- [Exercise details]
Set down, exactly as written, every line from the one containing "extrude(amount=BOSS_EXTRUDE1_DEPTH)" through the end of the listing.
[[ Records supplied open ]]
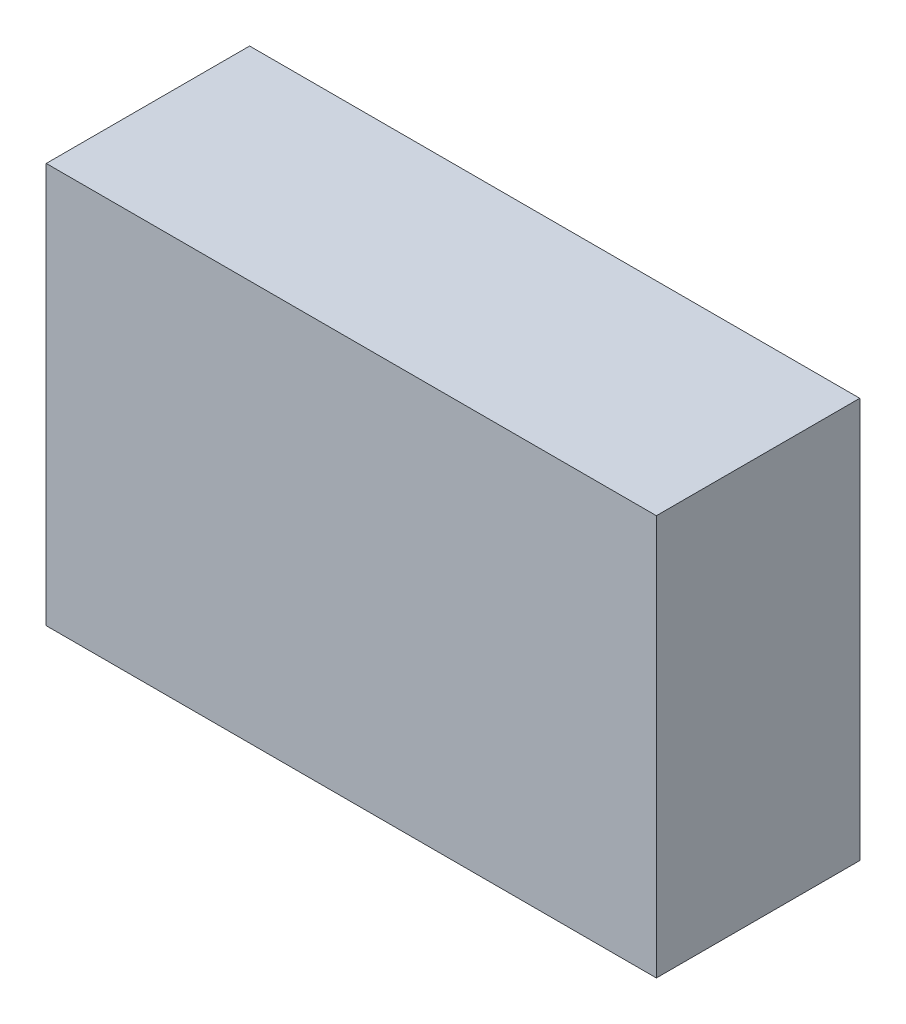
from build123d import *

# Parameters (mm, degrees)
SKETCH1_W           = 7.62
SKETCH1_H           = 2.54
BOSS_EXTRUDE1_DEPTH = 5


with BuildPart() as part:
    # Sketch1 → Boss-Extrude1 (new body)
    with BuildSketch(Plane(origin=(0, 0, 0), x_dir=(1, 0, 0), z_dir=(0, 1, 0))):
        Rectangle(SKETCH1_W, SKETCH1_H)
    extrude(amount=BOSS_EXTRUDE1_DEPTH)


solid = part.part
[[ Records supplied closed ]]
- [Output of the task]
    extrude(amount=BOSS_EXTRUDE1_DEPTH)


solid = part.part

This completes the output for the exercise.